## EXERCISE GOAL
When you transcribe the entries below, begin at their first line and stop after the line containing "note: some values"; pictures stay out.

## MATERIAL PROVIDED
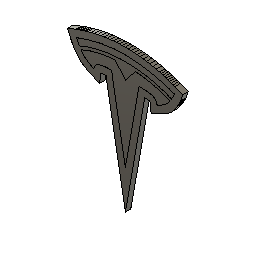
Tesla Logo (Autodesk Fusion 360 design; units mm, degrees)
Autodesk Fusion 360 part; units mm, degrees
note: some values were not read from the file. Chosen so that the rebuilt part matches the saved one: that a step has no effect; which pieces of a blend or face edit are solid. Set by a fixed rule: which sketch regions a step uses.
sketch "teslat" plane through (0, 0, 0) normal (0, 0, 1) x (1, 0, 0)
  line L0 (58.2836, 86.3887) -> (58.7276, 86.2696)
  line L1 (62.3187, 83.1899) -> (62.4168, 82.8531)
  line L2 (61.0882, 85.0852) -> (61.3274, 84.8611)
  line L3 (59.1435, 86.1387) -> (59.5319, 85.9957)
  line L4 (62.2027, 83.5093) -> (62.3187, 83.1899)
  line L5 (63.258, 82.0141) -> (63.7016, 82.2142)
  line L6 (63.7016, 82.2142) -> (64.2362, 82.4686)
  line L7 (59.5319, 85.9957) -> (59.8936, 85.8402)
  line L8 (65.5245, 83.1419) -> (66.2509, 83.5616)
  line L9 (57.3084, 86.5934) -> (57.8108, 86.4965)
  line L10 (62.5618, 82.126) -> (62.6102, 81.735)
  line L11 (62.9192, 81.8678) -> (63.258, 82.0141)
  line L12 (66.6287, 83.7925) -> (67.014, 84.0373)
  line L13 (69.3876, 85.8045) -> (69.7776, 86.1492)
  line L14 (66.2509, 83.5616) -> (66.6287, 83.7925)
  line L15 (69.7776, 86.1492) -> (70.1615, 86.5083)
  line L16 (53.6321, 86.9679) -> (54.3272, 86.9282)
  line L17 (61.9138, 84.098) -> (62.068, 83.8119)
  line L18 (70.1615, 86.5083) -> (70.5376, 86.882)
  line L19 (62.6102, 81.735) -> (62.9192, 81.8678)
  line L20 (58.7276, 86.2696) -> (59.1435, 86.1387)
  line L21 (68.5959, 85.1583) -> (68.9931, 85.4742)
  line L22 (68.1977, 84.8567) -> (68.5959, 85.1583)
  line L23 (67.4051, 84.2963) -> (67.8002, 84.5694)
  line L24 (62.4975, 82.4986) -> (62.5618, 82.126)
  line L25 (60.5399, 85.4901) -> (60.826, 85.2947)
  line L26 (70.5376, 86.882) -> (70.9041, 87.2702)
  line L27 (49.622, 87.0529) -> (51.3358, 87.0401)
  line L28 (67.014, 84.0373) -> (67.4051, 84.2963)
  line L29 (68.9931, 85.4742) -> (69.3876, 85.8045)
  line L30 (70.9041, 87.2702) -> (71.2594, 87.6731)
  line L31 (71.2594, 87.6731) -> (71.6018, 88.0906)
  line L32 (60.826, 85.2947) -> (61.0882, 85.0852)
  line L33 (9.8158, 85.8056) -> (10.2102, 85.4753)
  line L34 (53.2901, 94.4506) -> (52.5047, 94.5592)
  line L35 (22.3876, 93.8581) -> (21.4213, 93.6649)
  line L36 (58.778, 93.4504) -> (57.782, 93.6636)
  line L37 (56.2119, 86.7561) -> (56.7757, 86.6798)
  line L38 (9.3206, 90.0012) -> (8.1437, 89.5022)
  line L39 (51.7619, 94.6539) -> (50.4135, 94.8057)
  line L40 (29.9408, 94.9152) -> (28.7897, 94.807)
  line L41 (51.3358, 87.0401) -> (52.1371, 87.0235)
  line L42 (61.5442, 84.6222) -> (61.7395, 84.3679)
  line L43 (62.068, 83.8119) -> (62.2027, 83.5093)
  line L44 (71.9296, 88.5229) -> (72.241, 88.97)
  line L45 (61.7395, 84.3679) -> (61.9138, 84.098)
  line L46 (27.4412, 94.6553) -> (26.6985, 94.5605)
  line L47 (61.9215, 92.6811) -> (60.8499, 92.9602)
  line L48 (32.2225, 95.0734) -> (31.5813, 95.0331)
  line L49 (47.6218, 95.0317) -> (47.1676, 95.0575)
  line L50 (52.9023, 86.9996) -> (53.6321, 86.9679)
  line L51 (10.492, 90.4692) -> (9.3206, 90.0012)
  line L52 (28.7897, 94.807) -> (27.4412, 94.6553)
  line L53 (6.9636, 88.9712) -> (7.2747, 88.5241)
  line L54 (16.1897, 92.3792) -> (15.0787, 92.0512)
  line L55 (12.8095, 91.3162) -> (11.6557, 90.9072)
  line L56 (24.2227, 94.1889) -> (23.3222, 94.0325)
  line L57 (71.0607, 89.5011) -> (69.8837, 90.0001)
  line L58 (59.8936, 85.8402) -> (60.2294, 85.6718)
  line L59 (50.4135, 94.8057) -> (49.2623, 94.9139)
  line L60 (67.5484, 90.906) -> (66.3945, 91.315)
  line L61 (68.7122, 90.4681) -> (67.5484, 90.906)
  line L62 (56.7757, 86.6798) -> (57.3084, 86.5934)
  line L63 (9.042, 86.5094) -> (9.4258, 86.1503)
  line L64 (54.9884, 86.8799) -> (55.6164, 86.8226)
  line L65 (63.014, 92.378) -> (61.9215, 92.6811)
  line L66 (64.8484, 82.7777) -> (65.5245, 83.1419)
  line L67 (54.3272, 86.9282) -> (54.9884, 86.8799)
  line L68 (56.8157, 93.8569) -> (55.8811, 94.0312)
  line L69 (64.2362, 82.4686) -> (64.8484, 82.7777)
  line L70 (54.1162, 94.3271) -> (53.2901, 94.4506)
  line L71 (15.0787, 92.0512) -> (13.9512, 91.6972)
  line L72 (61.3274, 84.8611) -> (61.5442, 84.6222)
  line L73 (10.2102, 85.4753) -> (10.6073, 85.1595)
  line L74 (67.8002, 84.5694) -> (68.1977, 84.8567)
  line L75 (60.2294, 85.6718) -> (60.5399, 85.4901)
  line L76 (55.6164, 86.8226) -> (56.2119, 86.7561)
  line L77 (62.4168, 82.8531) -> (62.4975, 82.4986)
  line L78 (57.8108, 86.4965) -> (58.2836, 86.3887)
  line L79 (64.1251, 92.05) -> (63.014, 92.378)
  line L80 (49.2623, 94.9139) -> (48.3259, 94.9865)
  line L81 (47.1676, 95.0575) -> (46.9807, 95.072)
  line L82 (71.6018, 88.0906) -> (71.9296, 88.5229)
  line L83 (52.1371, 87.0235) -> (52.9023, 86.9996)
  line L84 (39.6099, 30.7442) -> (49.622, 87.0529)
  line L85 (66.3945, 91.315) -> (65.2526, 91.696)
  line L86 (20.4254, 93.4517) -> (19.4021, 93.2175)
  line L87 (14.9676, 82.4698) -> (15.5024, 82.2154)
  line L88 (19.4021, 93.2175) -> (18.3536, 92.9614)
  line L89 (55.8811, 94.0312) -> (54.9806, 94.1876)
  line L90 (47.5025, 97.3763) -> (48.5228, 97.2854)
  line L91 (20.9073, 86.3915) -> (21.3777, 86.4996)
  line L92 (44.4837, 97.5737) -> (45.4827, 97.5202)
  line L93 (18.1143, 85.0868) -> (18.3757, 85.2964)
  line L94 (21.8776, 86.5968) -> (22.4074, 86.6834)
  line L95 (9.4258, 86.1503) -> (9.8158, 85.8056)
  line L96 (15.5024, 82.2154) -> (16.285, 81.8689)
  line L97 (24.8419, 86.9332) -> (25.5328, 86.9734)
  line L98 (18.3757, 85.2964) -> (18.6607, 85.4919)
  line L99 (7.9445, 87.6742) -> (8.2997, 87.2713)
  line L100 (25.5328, 86.9734) -> (26.2581, 87.0055)
  line L101 (17.6595, 84.6236) -> (17.8758, 84.8627)
  line L102 (40.5651, 97.6731) -> (41.5327, 97.6648)
  line L103 (39.606, 97.671) -> (40.5651, 97.6731)
  line L104 (19.3046, 85.8423) -> (19.6648, 85.998)
  line L105 (8.6661, 86.8831) -> (9.042, 86.5094)
  line L106 (30.8772, 94.9879) -> (29.9408, 94.9152)
  line L107 (39.6099, 86.0753) -> (32.2225, 95.0734)
  line L108 (7.6023, 88.0918) -> (7.9445, 87.6742)
  line L109 (17.1367, 83.8132) -> (17.2907, 84.0993)
  line L110 (51.6228, 96.9323) -> (52.6685, 96.7868)
  line L111 (69.8837, 90.0001) -> (68.7122, 90.4681)
  line L112 (54.9806, 94.1876) -> (54.1162, 94.3271)
  line L113 (8.1437, 89.5022) -> (6.9636, 88.9712)
  line L114 (20.0515, 86.1411) -> (20.4654, 86.2722)
  line L115 (25.0871, 94.3283) -> (24.2227, 94.1889)
  line L116 (11.403, 84.5706) -> (11.7982, 84.2974)
  line L117 (10.6073, 85.1595) -> (11.0055, 84.8579)
  line L118 (57.782, 93.6636) -> (56.8157, 93.8569)
  line L119 (23.3222, 94.0325) -> (22.3876, 93.8581)
  line L120 (48.3259, 94.9865) -> (47.6218, 95.0317)
  line L121 (46.9807, 95.072) -> (39.5933, 86.0742)
  line L122 (59.8013, 93.2163) -> (58.778, 93.4504)
  line L123 (31.5813, 95.0331) -> (30.8772, 94.9879)
  line L124 (8.2997, 87.2713) -> (8.6661, 86.8831)
  line L125 (60.8499, 92.9602) -> (59.8013, 93.2163)
  line L126 (41.5327, 97.6648) -> (42.5085, 97.6457)
  line L127 (21.4213, 93.6649) -> (20.4254, 93.4517)
  line L128 (25.9131, 94.4519) -> (25.0871, 94.3283)
  line L129 (18.3536, 92.9614) -> (17.2821, 92.6823)
  line L130 (48.5228, 97.2854) -> (49.5498, 97.1813)
  line L131 (26.6985, 94.5605) -> (25.9131, 94.4519)
  line L132 (22.9681, 86.76) -> (23.5603, 86.8269)
  line L133 (65.2526, 91.696) -> (64.1251, 92.05)
  line L134 (17.4647, 84.3693) -> (17.6595, 84.6236)
  line L135 (11.6557, 90.9072) -> (10.492, 90.4692)
  line L136 (16.5941, 81.7361) -> (16.6427, 82.1272)
  line L137 (52.5047, 94.5592) -> (51.7619, 94.6539)
  line L138 (13.9512, 91.6972) -> (12.8095, 91.3162)
  line L139 (52.6685, 96.7868) -> (53.7199, 96.6268)
  line L140 (46.489, 97.4545) -> (47.5025, 97.3763)
  line L141 (24.1846, 86.8845) -> (24.8419, 86.9332)
  line L142 (17.2821, 92.6823) -> (16.1897, 92.3792)
  line L143 (72.241, 88.97) -> (71.0607, 89.5011)
  line L144 (39.5933, 86.0742) -> (39.6099, 86.0753)
  line L145 (26.2581, 87.0055) -> (27.0185, 87.03)
  line L146 (49.5498, 97.1813) -> (50.5832, 97.0637)
  line L147 (53.7199, 96.6268) -> (54.7769, 96.4521)
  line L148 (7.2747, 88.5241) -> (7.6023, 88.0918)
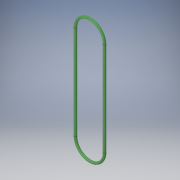
# Autodesk Inventor part: Polea
Saved by Autodesk Inventor 2019.4 (Build 234330000, 330)
## iProperties
Created: 2020-03-11
Part Number: Polea
Material: Genérico
Document SubType Name: Modeling
Designer: Usuario
Density: 1 g/cm^3
Appearance: Valor por defecto
Author: Usuario
Autodesk Inventor part; units mm, degrees
ref_plane "YZ Plane" through (0, 0, 0) normal (1, 0, 0) x (0, 1, 0)
ref_plane "XZ Plane" through (0, 0, 0) normal (0, 1, 0) x (-1, 0, 0)
ref_plane "XY Plane" through (0, 0, 0) normal (0, 0, 1) x (1, 0, 0)
sketch "Boceto1" plane through (0, 0, 0) normal (0, 0, 1) x (1, 0, 0)
  arc A0 (-28.75, 0) -> (28.75, 0) centre (0, 0) ccw
  arc A1 (28.75, 185.261) -> (-28.75, 185.261) centre (0, 185.261) ccw
  line L0 (-28.75, 185.261) -> (-28.75, 0)
  line L1 (28.75, 185.261) -> (28.75, 0)
  dimension "d0" = 185.261
  dimension "d1" = 57.5
  dimension "d2" = 57.5
  constraints: 4 end point, 4 point on circle, 4 tangent, 2 centre point, 1 coincident, 1 vertical alignment
  measures "d0" distance of point (0, 0) A1.centre
  measures "d1" diameter of A1
  measures "d2" diameter of A0
sketch "Boceto2" plane through (0, 0, 0) normal (0, 1, 0) x (-1, 0, 0)
  circle A0 centre (28.75, 0) radius 2.5
  point P0 (0, 0)
  dimension "d3" = 28.75
  dimension "d4" = 5
  constraints: 1 centre point, 1 horizontal alignment
  measures "d3" distance of point (0, 0) A0.centre
  measures "d4" diameter of A0
sweep "Barrido1" add profiles "Boceto2" path "Boceto1"

## REPLY TO THE TASK
Tesla Logo (Autodesk Fusion 360 design; units mm, degrees)
Autodesk Fusion 360 part; units mm, degrees
note: some values were not read from the file. Chosen so that the rebuilt part matches the saved one: that a step has no effect; which pieces of a blend or face edit are solid. Set by a fixed rule: which sketch regions a step uses.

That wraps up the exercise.